Stored entries
* * * * *

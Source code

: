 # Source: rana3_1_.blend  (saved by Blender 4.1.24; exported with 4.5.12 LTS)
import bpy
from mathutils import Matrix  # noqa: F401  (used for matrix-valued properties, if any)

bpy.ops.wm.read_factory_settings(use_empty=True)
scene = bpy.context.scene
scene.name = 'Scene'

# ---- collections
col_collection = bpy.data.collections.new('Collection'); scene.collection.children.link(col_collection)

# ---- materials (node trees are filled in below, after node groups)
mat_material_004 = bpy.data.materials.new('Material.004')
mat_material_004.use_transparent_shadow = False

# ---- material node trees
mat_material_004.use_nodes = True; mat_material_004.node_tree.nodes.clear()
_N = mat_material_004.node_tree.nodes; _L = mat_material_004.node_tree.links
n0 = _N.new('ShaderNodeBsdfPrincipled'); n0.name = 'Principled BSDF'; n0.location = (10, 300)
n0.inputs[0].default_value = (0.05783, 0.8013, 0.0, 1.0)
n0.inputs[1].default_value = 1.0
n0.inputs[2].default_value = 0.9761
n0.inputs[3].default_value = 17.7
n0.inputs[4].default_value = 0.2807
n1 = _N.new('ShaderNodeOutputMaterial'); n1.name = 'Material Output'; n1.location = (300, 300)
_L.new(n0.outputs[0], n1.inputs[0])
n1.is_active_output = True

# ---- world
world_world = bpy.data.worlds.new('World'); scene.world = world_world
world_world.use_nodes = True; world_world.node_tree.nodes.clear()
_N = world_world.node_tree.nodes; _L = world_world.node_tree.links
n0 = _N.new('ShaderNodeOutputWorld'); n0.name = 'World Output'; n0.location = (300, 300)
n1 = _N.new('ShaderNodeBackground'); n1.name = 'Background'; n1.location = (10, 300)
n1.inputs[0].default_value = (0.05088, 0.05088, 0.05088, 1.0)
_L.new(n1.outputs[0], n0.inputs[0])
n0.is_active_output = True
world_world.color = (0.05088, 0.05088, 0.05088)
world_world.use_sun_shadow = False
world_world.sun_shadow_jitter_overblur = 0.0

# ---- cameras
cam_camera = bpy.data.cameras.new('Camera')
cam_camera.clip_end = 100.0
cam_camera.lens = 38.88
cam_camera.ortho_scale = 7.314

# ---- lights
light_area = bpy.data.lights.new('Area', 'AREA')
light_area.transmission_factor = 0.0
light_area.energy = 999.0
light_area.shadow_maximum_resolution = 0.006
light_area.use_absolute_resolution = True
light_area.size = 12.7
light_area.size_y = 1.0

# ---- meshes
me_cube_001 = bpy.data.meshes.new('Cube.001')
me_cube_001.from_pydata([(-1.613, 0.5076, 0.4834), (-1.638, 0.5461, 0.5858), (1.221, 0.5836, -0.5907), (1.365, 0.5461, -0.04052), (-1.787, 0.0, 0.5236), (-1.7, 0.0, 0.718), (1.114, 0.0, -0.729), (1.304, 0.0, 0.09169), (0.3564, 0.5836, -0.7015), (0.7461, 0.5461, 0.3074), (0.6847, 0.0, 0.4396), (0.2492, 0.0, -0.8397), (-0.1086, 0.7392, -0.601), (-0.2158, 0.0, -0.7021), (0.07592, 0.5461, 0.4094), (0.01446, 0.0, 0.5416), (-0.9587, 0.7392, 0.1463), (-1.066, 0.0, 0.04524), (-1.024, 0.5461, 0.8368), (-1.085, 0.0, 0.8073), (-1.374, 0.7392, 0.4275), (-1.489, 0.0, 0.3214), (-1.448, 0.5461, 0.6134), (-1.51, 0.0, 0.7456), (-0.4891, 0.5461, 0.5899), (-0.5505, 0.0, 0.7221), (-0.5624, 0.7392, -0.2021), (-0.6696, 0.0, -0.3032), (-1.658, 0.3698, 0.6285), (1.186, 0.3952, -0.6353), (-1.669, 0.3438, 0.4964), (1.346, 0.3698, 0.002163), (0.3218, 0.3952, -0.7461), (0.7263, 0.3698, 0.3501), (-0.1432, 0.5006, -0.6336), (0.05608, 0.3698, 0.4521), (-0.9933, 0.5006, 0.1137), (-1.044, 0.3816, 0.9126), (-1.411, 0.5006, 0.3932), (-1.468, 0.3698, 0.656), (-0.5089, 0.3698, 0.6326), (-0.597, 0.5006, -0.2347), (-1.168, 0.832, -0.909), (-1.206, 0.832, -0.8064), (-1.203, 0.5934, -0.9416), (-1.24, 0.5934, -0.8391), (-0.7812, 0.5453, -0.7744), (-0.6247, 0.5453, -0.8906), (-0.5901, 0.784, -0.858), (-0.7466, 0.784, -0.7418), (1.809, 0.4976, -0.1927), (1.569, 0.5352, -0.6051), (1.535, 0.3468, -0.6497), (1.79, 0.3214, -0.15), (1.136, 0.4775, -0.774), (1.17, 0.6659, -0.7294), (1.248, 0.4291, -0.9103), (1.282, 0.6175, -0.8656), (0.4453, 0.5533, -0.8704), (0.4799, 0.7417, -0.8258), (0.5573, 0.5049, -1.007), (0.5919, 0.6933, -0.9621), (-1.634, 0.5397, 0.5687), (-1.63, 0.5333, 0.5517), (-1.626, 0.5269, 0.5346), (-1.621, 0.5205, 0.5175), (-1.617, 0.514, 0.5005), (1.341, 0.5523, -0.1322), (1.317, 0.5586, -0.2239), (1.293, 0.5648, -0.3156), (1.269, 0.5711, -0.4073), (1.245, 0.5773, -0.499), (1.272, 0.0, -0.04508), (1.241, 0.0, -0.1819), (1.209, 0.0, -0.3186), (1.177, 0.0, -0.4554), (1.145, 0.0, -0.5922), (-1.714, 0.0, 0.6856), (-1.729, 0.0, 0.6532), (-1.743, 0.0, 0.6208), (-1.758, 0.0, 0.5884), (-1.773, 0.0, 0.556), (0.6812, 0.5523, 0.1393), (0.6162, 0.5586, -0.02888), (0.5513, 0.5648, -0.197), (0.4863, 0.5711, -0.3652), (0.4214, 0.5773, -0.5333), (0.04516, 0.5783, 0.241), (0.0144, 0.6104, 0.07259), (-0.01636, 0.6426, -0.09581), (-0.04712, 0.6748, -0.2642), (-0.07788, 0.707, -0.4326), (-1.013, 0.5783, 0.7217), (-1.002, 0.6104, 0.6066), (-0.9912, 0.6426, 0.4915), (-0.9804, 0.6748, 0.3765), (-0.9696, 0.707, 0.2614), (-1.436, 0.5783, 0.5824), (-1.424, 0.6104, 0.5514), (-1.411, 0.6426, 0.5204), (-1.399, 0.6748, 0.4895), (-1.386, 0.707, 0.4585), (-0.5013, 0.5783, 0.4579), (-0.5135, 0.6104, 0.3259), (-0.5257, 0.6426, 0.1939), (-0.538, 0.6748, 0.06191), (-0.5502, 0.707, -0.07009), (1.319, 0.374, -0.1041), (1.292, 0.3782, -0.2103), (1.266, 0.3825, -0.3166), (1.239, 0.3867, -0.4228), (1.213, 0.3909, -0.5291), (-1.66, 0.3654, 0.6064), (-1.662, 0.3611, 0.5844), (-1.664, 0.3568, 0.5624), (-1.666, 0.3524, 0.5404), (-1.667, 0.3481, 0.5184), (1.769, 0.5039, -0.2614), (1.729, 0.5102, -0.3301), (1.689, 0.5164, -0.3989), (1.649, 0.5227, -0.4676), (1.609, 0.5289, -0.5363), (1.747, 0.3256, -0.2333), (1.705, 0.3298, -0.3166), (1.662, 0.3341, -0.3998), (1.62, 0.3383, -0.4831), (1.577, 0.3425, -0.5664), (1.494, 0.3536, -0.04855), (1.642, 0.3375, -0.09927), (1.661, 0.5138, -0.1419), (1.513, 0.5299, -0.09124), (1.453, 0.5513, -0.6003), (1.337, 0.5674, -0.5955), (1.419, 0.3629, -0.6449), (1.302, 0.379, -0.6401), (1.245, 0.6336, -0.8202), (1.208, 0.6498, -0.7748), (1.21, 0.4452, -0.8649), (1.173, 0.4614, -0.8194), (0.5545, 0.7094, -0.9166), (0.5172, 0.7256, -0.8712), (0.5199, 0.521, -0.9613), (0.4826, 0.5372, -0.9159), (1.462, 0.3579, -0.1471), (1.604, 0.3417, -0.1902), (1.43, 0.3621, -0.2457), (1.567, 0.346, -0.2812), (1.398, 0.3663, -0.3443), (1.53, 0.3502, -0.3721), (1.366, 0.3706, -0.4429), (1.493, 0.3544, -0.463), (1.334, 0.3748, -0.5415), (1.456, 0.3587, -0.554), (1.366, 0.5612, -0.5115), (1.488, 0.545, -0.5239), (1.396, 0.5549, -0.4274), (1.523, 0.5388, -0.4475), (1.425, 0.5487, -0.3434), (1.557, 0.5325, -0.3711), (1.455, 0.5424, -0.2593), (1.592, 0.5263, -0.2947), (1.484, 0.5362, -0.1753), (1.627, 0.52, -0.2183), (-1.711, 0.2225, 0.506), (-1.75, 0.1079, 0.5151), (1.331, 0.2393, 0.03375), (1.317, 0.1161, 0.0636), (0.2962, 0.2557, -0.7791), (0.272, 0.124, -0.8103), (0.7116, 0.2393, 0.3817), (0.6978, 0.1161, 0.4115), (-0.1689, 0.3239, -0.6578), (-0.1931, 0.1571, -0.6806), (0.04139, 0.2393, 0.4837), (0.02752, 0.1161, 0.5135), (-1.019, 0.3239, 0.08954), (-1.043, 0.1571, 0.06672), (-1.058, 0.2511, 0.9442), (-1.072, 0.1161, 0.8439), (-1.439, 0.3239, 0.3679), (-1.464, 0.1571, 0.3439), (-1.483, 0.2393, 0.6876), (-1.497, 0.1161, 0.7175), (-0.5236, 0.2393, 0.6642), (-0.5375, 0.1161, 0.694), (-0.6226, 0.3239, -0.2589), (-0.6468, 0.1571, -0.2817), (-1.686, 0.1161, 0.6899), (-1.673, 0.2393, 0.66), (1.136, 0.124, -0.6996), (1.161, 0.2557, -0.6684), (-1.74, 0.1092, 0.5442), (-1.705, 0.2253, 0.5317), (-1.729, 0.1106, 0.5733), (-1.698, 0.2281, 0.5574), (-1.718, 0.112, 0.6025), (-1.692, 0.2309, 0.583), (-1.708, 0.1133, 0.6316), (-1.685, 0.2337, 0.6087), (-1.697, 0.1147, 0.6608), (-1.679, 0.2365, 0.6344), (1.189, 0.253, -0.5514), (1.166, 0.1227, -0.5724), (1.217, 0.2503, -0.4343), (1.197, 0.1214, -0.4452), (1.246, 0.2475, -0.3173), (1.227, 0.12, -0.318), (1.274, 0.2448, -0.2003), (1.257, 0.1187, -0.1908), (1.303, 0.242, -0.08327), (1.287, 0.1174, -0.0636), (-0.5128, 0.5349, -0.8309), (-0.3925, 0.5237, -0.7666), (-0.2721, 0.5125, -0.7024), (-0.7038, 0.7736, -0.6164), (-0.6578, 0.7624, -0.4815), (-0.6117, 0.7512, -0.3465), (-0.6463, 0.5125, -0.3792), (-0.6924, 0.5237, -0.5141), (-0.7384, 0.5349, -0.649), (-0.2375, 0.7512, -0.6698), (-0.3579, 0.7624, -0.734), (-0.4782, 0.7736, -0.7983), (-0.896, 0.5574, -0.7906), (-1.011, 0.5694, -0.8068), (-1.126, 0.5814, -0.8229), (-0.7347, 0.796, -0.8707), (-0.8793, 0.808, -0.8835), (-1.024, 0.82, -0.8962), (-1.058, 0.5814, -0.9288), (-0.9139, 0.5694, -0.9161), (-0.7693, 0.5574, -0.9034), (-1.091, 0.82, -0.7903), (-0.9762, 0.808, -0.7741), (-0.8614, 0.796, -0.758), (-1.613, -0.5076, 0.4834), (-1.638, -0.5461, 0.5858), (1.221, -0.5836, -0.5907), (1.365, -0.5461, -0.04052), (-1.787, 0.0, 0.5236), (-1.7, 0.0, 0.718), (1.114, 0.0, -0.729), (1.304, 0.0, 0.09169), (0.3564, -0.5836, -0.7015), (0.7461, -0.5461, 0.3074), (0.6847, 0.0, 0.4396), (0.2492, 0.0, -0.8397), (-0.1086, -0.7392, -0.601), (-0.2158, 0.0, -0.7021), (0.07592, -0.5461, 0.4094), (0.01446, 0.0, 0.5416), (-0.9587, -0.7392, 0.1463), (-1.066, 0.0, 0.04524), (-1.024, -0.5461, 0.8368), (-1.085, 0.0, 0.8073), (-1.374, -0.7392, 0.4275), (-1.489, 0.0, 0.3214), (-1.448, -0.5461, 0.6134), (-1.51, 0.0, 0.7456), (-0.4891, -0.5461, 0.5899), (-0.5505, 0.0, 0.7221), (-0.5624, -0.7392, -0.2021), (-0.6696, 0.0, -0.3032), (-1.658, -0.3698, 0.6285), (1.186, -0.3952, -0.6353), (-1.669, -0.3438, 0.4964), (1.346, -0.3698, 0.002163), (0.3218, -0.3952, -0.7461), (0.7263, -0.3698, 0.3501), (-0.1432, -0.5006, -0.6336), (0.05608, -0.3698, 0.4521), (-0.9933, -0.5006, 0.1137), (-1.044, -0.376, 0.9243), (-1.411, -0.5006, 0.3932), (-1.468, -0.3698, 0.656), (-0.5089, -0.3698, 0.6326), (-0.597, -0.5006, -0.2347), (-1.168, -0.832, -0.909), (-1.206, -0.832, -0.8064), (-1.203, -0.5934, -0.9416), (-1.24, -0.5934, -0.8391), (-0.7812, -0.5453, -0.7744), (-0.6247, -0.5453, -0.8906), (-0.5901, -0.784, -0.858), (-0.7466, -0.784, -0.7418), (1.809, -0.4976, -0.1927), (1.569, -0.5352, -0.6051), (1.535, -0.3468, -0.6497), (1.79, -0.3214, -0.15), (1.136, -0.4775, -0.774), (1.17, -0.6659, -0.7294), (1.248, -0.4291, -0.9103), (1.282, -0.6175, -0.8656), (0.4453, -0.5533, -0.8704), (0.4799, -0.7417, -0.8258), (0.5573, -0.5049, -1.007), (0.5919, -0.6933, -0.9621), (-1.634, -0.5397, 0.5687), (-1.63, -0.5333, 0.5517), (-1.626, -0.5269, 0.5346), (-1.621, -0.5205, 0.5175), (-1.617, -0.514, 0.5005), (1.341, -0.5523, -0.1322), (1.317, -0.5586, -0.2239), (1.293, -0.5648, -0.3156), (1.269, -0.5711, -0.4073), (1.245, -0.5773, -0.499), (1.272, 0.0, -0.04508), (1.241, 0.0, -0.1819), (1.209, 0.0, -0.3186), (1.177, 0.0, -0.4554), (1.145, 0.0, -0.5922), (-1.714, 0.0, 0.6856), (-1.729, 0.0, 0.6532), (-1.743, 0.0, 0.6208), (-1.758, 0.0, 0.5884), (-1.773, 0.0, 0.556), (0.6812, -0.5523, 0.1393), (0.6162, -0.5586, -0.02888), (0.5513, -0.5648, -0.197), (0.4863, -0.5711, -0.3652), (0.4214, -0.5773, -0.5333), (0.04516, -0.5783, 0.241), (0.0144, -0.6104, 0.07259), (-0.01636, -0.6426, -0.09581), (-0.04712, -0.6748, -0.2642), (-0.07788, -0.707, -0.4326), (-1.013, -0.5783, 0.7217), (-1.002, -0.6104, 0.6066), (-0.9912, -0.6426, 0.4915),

* * * * *

- _Your objective_
Restate word for word only the lines above from the line containing "n0 = _N.new('ShaderNodeBsdfPrincipled');" to the line containing "me_cube_001 = bpy.data.meshes.new('Cube.001')", both of them included.

- _Solution for this exercise_
n0 = _N.new('ShaderNodeBsdfPrincipled'); n0.name = 'Principled BSDF'; n0.location = (10, 300)
n0.inputs[0].default_value = (0.05783, 0.8013, 0.0, 1.0)
n0.inputs[1].default_value = 1.0
n0.inputs[2].default_value = 0.9761
n0.inputs[3].default_value = 17.7
n0.inputs[4].default_value = 0.2807
n1 = _N.new('ShaderNodeOutputMaterial'); n1.name = 'Material Output'; n1.location = (300, 300)
_L.new(n0.outputs[0], n1.inputs[0])
n1.is_active_output = True

# ---- world
world_world = bpy.data.worlds.new('World'); scene.world = world_world
world_world.use_nodes = True; world_world.node_tree.nodes.clear()
_N = world_world.node_tree.nodes; _L = world_world.node_tree.links
n0 = _N.new('ShaderNodeOutputWorld'); n0.name = 'World Output'; n0.location = (300, 300)
n1 = _N.new('ShaderNodeBackground'); n1.name = 'Background'; n1.location = (10, 300)
n1.inputs[0].default_value = (0.05088, 0.05088, 0.05088, 1.0)
_L.new(n1.outputs[0], n0.inputs[0])
n0.is_active_output = True
world_world.color = (0.05088, 0.05088, 0.05088)
world_world.use_sun_shadow = False
world_world.sun_shadow_jitter_overblur = 0.0

# ---- cameras
cam_camera = bpy.data.cameras.new('Camera')
cam_camera.clip_end = 100.0
cam_camera.lens = 38.88
cam_camera.ortho_scale = 7.314

# ---- lights
light_area = bpy.data.lights.new('Area', 'AREA')
light_area.transmission_factor = 0.0
light_area.energy = 999.0
light_area.shadow_maximum_resolution = 0.006
light_area.use_absolute_resolution = True
light_area.size = 12.7
light_area.size_y = 1.0

# ---- meshes
me_cube_001 = bpy.data.meshes.new('Cube.001')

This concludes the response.